State-space representation of the unsteady aerodynamics of flapping flight

Authors

• Haithem E. Taha, Virginia Polytechnic Institute and State UniversityFollow
• Muhammad R. Hajj, Virginia Polytechnic Institute and State UniversityFollow
• Philip S. Beran, Wright-Patterson Air Force BaseFollow

Document Type

Article

Date of this Version

2014

Citation

Aerospace Science and Technology 34 (2014)

Comments

U S. Government work.

Abstract

A state-space formulation for the aerodynamics of flapping flight is presented. The Duhamel's principle, applied in linear unsteady flows, is extended to non-conventional lift curves to capture the LEV contribution. The aspect ratio effects on the empirical formulae used to predict the static lift due to a stabilized Leading Edge Vortex (LEV) are provided. The unsteady lift due to arbitrary wing motion is generated using the static lift curve. Then, state-space representation for the unsteady lift is derived.

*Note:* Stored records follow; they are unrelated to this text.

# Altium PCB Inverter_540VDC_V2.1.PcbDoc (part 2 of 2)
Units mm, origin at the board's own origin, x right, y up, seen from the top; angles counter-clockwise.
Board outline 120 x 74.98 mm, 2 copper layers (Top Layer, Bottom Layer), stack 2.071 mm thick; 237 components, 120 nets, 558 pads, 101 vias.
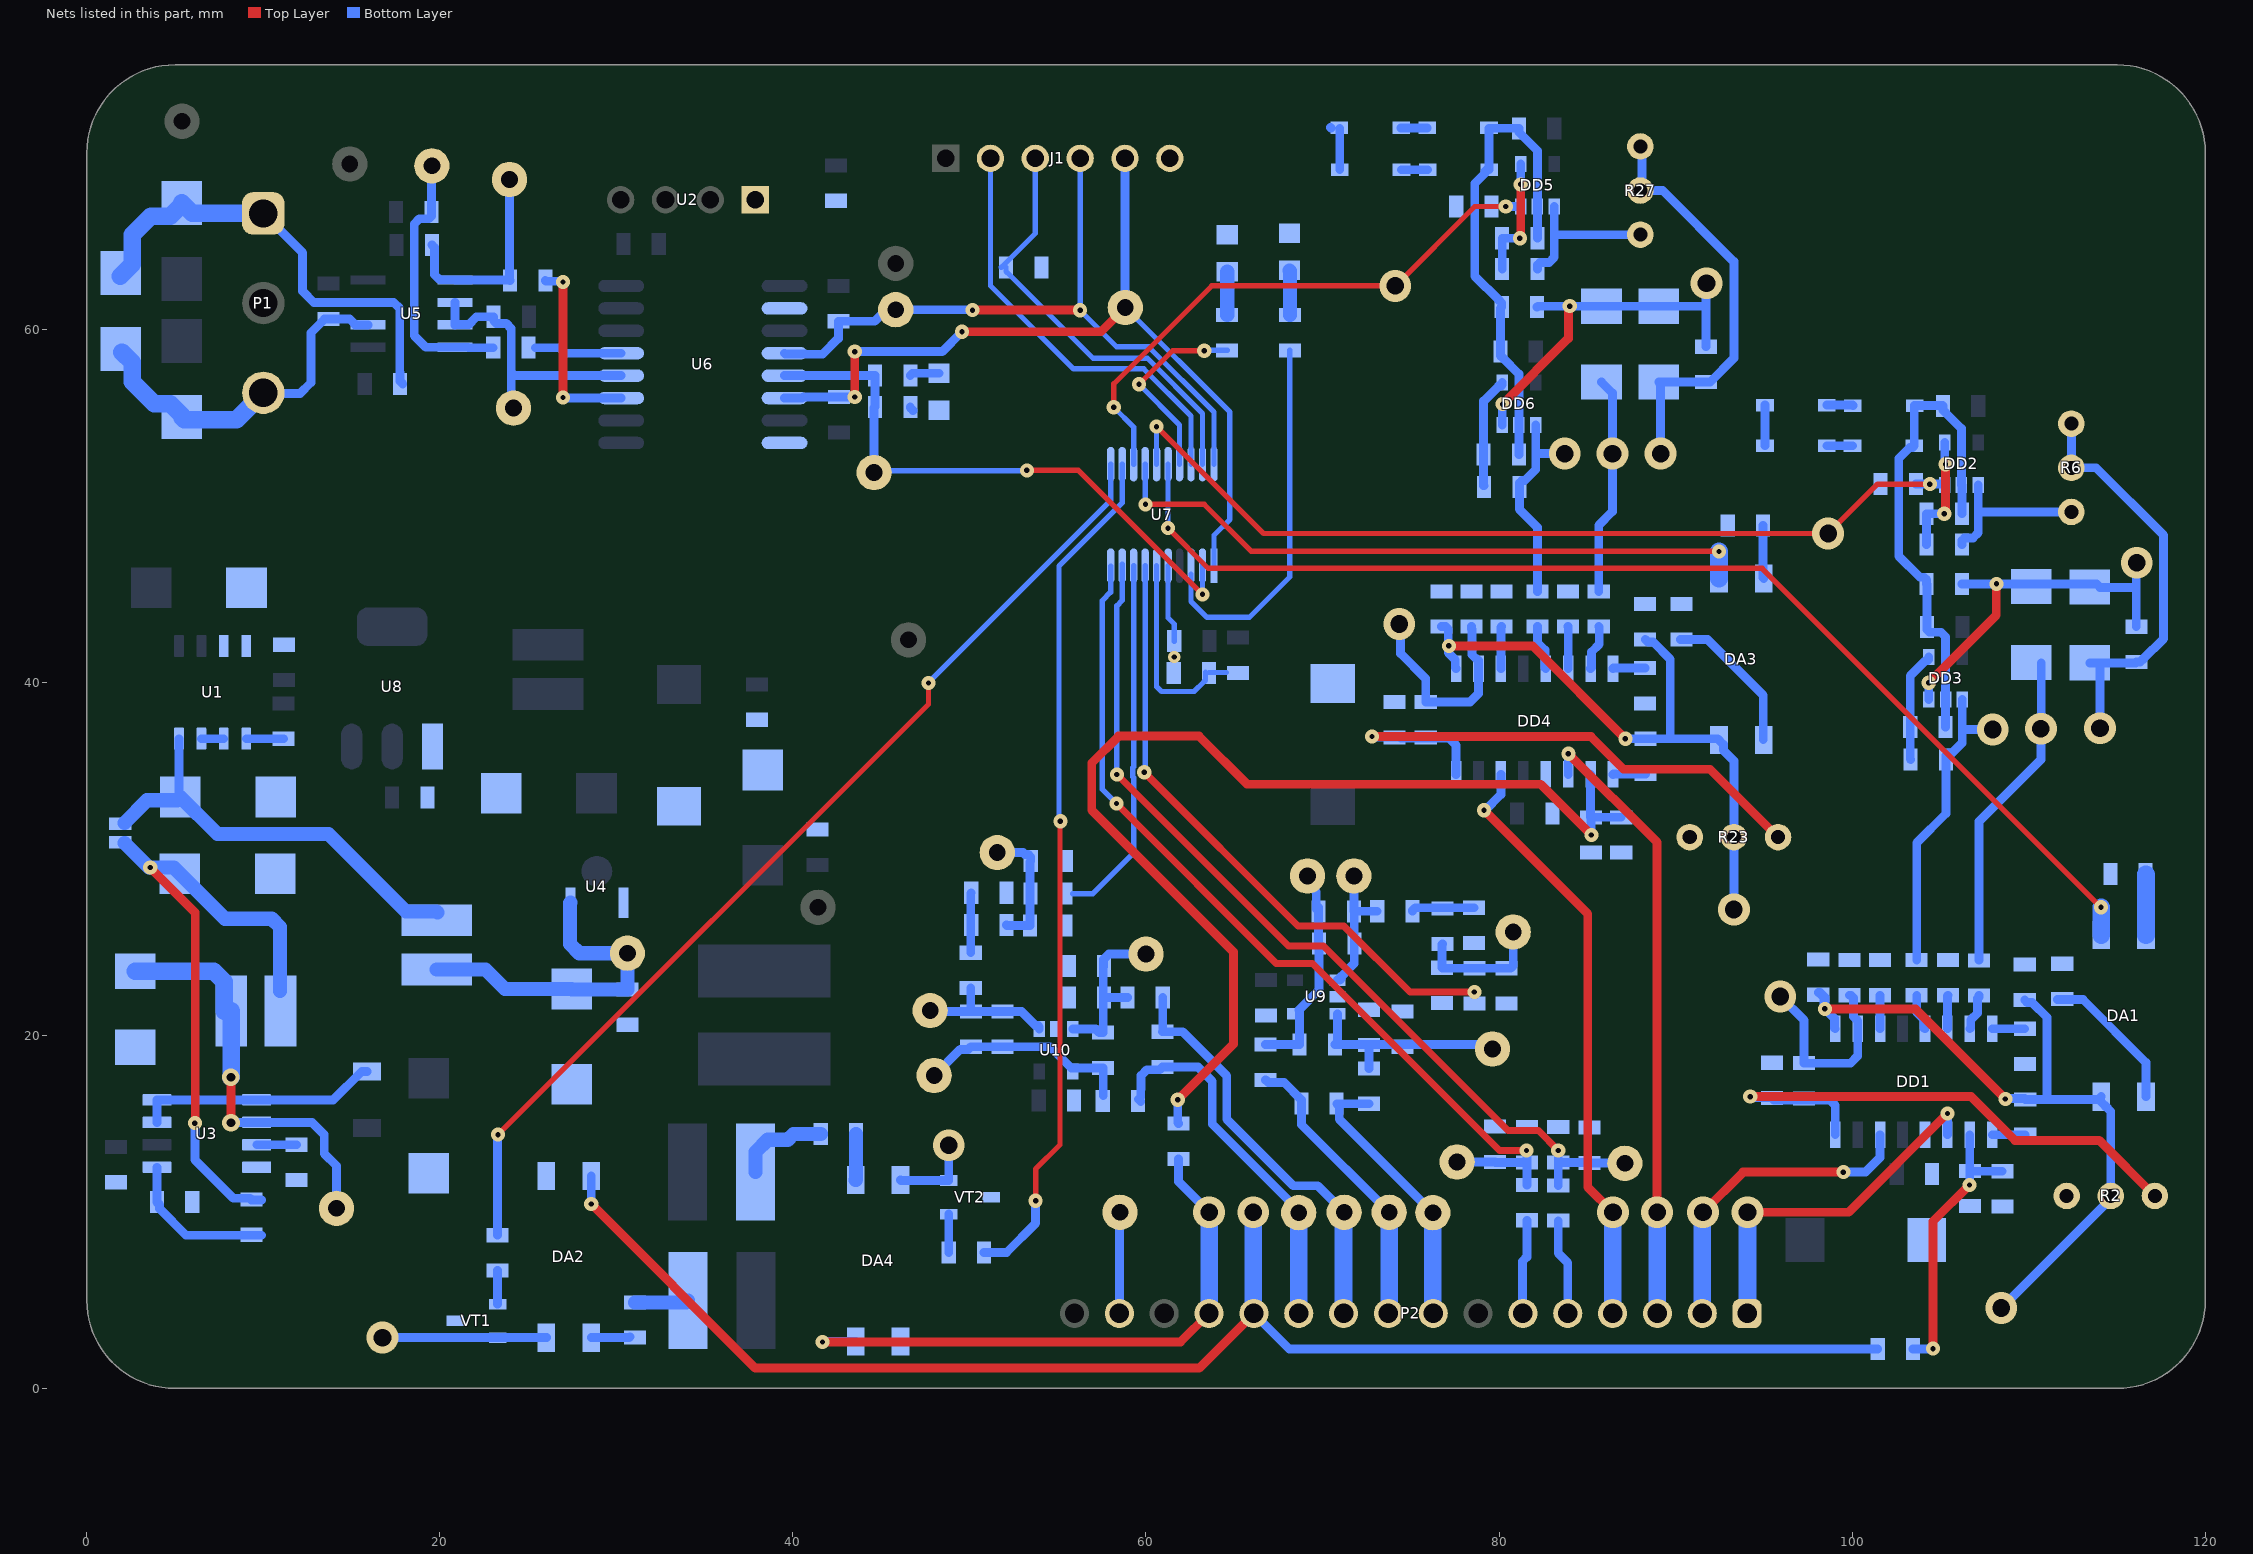
[diagram p2: the nets of this part, all layers, seen from the top]

## Via types
v1: diameter 0.8, hole 0.3, Top Layer to Bottom Layer, 73 vias
v2: diameter 1.8, hole 1, Top Layer to Bottom Layer, 22 vias
v3: diameter 0.7, hole 0.3, Top Layer to Bottom Layer, 4 vias
v4: diameter 1, hole 0.5, Top Layer to Bottom Layer, 2 vias

## Nets (pads, with @x,y where several pads share a name; then routed paths per layer and width w, separated by ;. In a path a pad name is that pad's centre, name@x,y a point inside that pad or via, vN(x,y) a via of type N, cw(c..) or ccw(c..) an arc to the next point about the centre after c; other vN are vias at no path point) (continued)
GND_III: C1.2 C2.2 C3.2 C6.2 C7.1 C9.2 C10.1 C11.2 C12.2 C13.2 C16.2 C17.1 C19.2 C20.1 C21.2 C22.1 C24.2 C25.2 C26.2 C27.2 C28.2 C29.1 C30.2 C31.2 C32.1 C33.2 C34.1 C35.1 C36.1 C37.1 C38.1 C41.1 C42.1 C43.1 C45.1 C48.1 C49.1 C50.1 C51.1 C52.1 C54.2 C55.1 D2.2 D3.2 D4.2 DA2.3 DA4.3 DD1.12 DD4.12 J1.6 P2.15 R1.1 R2.1 R3.1 R7.2 R9.1 R12.2 R16.2 R18.1 R22.1 R23.1 R24.1 R28.2 R30.1 R33.2 R37.2 R39.1 R55.1 R57.1 R61.2 R67.2 R68.1 R76.2 R81.1 R82.1 R83.1 TP3.1 U1.3 U1.4 U2.1 U3.4 U4.1 U6.2 U6.8 U7.5 U8.1 U9.2 U10.2 VD5.1 VD6.2 VD11.1 VD12.2 VD13.2 VT1.3 VT2.3 | length 15.4
  Bottom Layer w0.3: U7.5@61.25,46.625 61.25,43.675 61.6,43.325 C32.1@61.6,42.35
  Bottom Layer w0.5: R55.1@46.65,55.625 46.65,55.575 R55.1@46.8,55.425 ; P2.15@58.49,4.27 58.49,9.84 TP3.1@58.8,10.15 ; VD12.2@70.45,71.45 VD12.2@70.475,71.425 ; VD11.1@70.975,69.05 VD12.2@70.975,71.4 ; VD6.2@95.064,53.419 VD5.1@95.064,55.719
  other v3: 61.6,41.45
NetC2_1: C2.1 C6.1 DA1.4 DD1.1 R2.2 R20.2 TP1.1 | length 42.2
  Top Layer w0.5: v1(98.454,21.521) 103.579,21.521 v1(108.679,16.421)
  Bottom Layer w0.5: C6.1@98.096,22.454 98.171,22.454 98.454,22.171 v1(98.454,21.521) ; C6.1@98.114,22.454 98.396,22.171 98.396,21.579 v1(98.454,21.521) ; DD1.1@99.044,20.396 98.994,20.446 98.994,20.981 v1(98.454,21.521) ; v2(108.45,4.575) 114.65,10.775 R2.2@114.65,10.925 114.65,15.707 114.357,16 114.355,16 114.105,16.25 DA1.4@114.105,16.27 ; v1(108.679,16.421) 108.704,16.446 109.754,16.446 R20.2@109.804,16.396 111.043,16.396 ; C2.1@109.775,22.025 109.925,21.875 110.2,21.875 111.043,21.032 111.043,16.396 ; DA1.4@114.105,16.55 113.951,16.396 111.043,16.396
NetC3_1: C3.1 DD1.16 R2.3 R8.1 | length 32
  Top Layer w0.5: v1(94.225,16.55) 106.75,16.55 109.225,14.075 114,14.075 R2.3@117.15,10.925
  Bottom Layer w0.5: v1(94.225,16.55) 94.264,16.511 95.336,16.511 95.375,16.55 C3.1@95.454,16.471 95.579,16.346 98.751,16.346 99.044,16.054 DD1.16@99.044,14.396
NetC4_1: C4.1 C5.1 C8.2 DD2.2 DD3.2 R13.2 R21.2 VD3.2 VD4.1 | length 28.6
  Bottom Layer w0.5: C8.2@104.214,45.594 104.214,45.819 104.064,45.969 103.839,45.969 102.639,47.169 102.639,52.694 103.264,53.319 103.414,53.319 VD4.1@103.514,53.419 103.514,55.669 VD3.2@103.539,55.694 105.114,55.694 C4.1@105.139,55.669 C4.1@105.139,55.444 ; C8.2@104.239,45.578 C5.1@104.239,43.144 104.239,43.001 104.389,42.851 105.032,42.851 105.289,42.594 DD3.2@105.289,39.044 R21.2@105.289,37.494 ; C4.1@105.289,55.294 C4.1@105.139,55.444 ; R13.2@106.214,49.569 106.214,51.169 DD2.2@106.189,51.194 106.189,54.394 C4.1@105.139,55.444
NetC8_1: C8.1 DD3.3 R10.2 TP9.1 VD1.2 VD2.2 | length 22.1
  Top Layer w0.5: v1(104.339,39.994) 108.164,43.819 108.164,45.582 v1(108.177,45.594)
  Bottom Layer w0.5: DD3.3@104.339,39.044 v1(104.339,39.994) ; C8.1@106.214,45.594 v1(108.177,45.594) 113.839,45.594 114.039,45.394 116.095,45.394 ; TP9.1@115.991,46.671 TP9.1@116.24,46.92 ; R10.2@116.095,43.169 116.095,45.394 ; v2(116.116,46.795) 116.116,46.122 116.095,46.101 116.095,45.394
NetC9_1: C9.1 DD1.8 | length 1.8
  Bottom Layer w0.5: DD1.8@107.934,20.396 C9.1@109.778,20.396
NetC10_2: C10.2 DD1.10 R15.1 R18.2 | length 15.9
  Top Layer w0.5: v1(104.575,2.275) 104.575,9.475 v1(106.65,11.55)
  Bottom Layer w0.5: R15.1@103.45,2.25 104.325,2.25 104.35,2.275 v1(104.575,2.275) ; v1(106.65,11.55) 106.664,11.564 C10.2@106.664,12.361 ; C10.2@106.664,12.362 DD1.10@106.664,14.396 ; C10.2@106.704,12.321 R18.2@108.504,12.321
NetC12_1: C12.1 C16.1 DA3.4 DD4.1 R23.2 R41.2 TP12.1 | length 36.7
  Top Layer w0.5: v1(77.154,42.085) 81.89,42.085 v1(87.15,36.825)
  Bottom Layer w0.5: C16.1@76.745,43.172 76.97,43.172 77.12,43.022 77.12,41.697 77.515,41.302 77.515,40.85 DD4.1@77.565,40.8 ; v1(87.15,36.825) 87.153,36.822 R41.2@88.295,36.822 89.7,36.822 ; C12.1@88.275,42.45 88.425,42.3 88.725,42.3 89.7,41.325 89.7,36.822 ; v2(93.3,27.15) R23.2@93.3,31.25 93.3,35.575 92.705,36.17 92.705,36.5 92.383,36.822 89.7,36.822
NetC13_1: C13.1 DD4.16 R23.3 R29.1 | length 32
  Top Layer w0.5: v1(72.8,36.95) 85.2,36.95 87.05,35.1 91.95,35.1 R23.3@95.8,31.25
  Bottom Layer w0.5: v1(72.8,36.95) 72.826,36.924 74.384,36.924 74.436,36.872 75.845,36.872 77.145,36.872 77.565,36.452 DD4.16@77.565,34.8
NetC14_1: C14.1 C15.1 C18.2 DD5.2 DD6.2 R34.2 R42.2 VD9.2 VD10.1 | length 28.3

The proposed model is validated through a comparison with direct numerical simulations of Navier-Stokes on hovering insects. A comparison with quasi-steady models that capture the LEV contribution is also performed to assess the role of unsteadiness. Similarly, a comparison with classical unsteady approaches is presented to assess the LEV dominance. Finally, a reduced-order model that is more suitable for flight dynamics and control analyses is derived from the full model.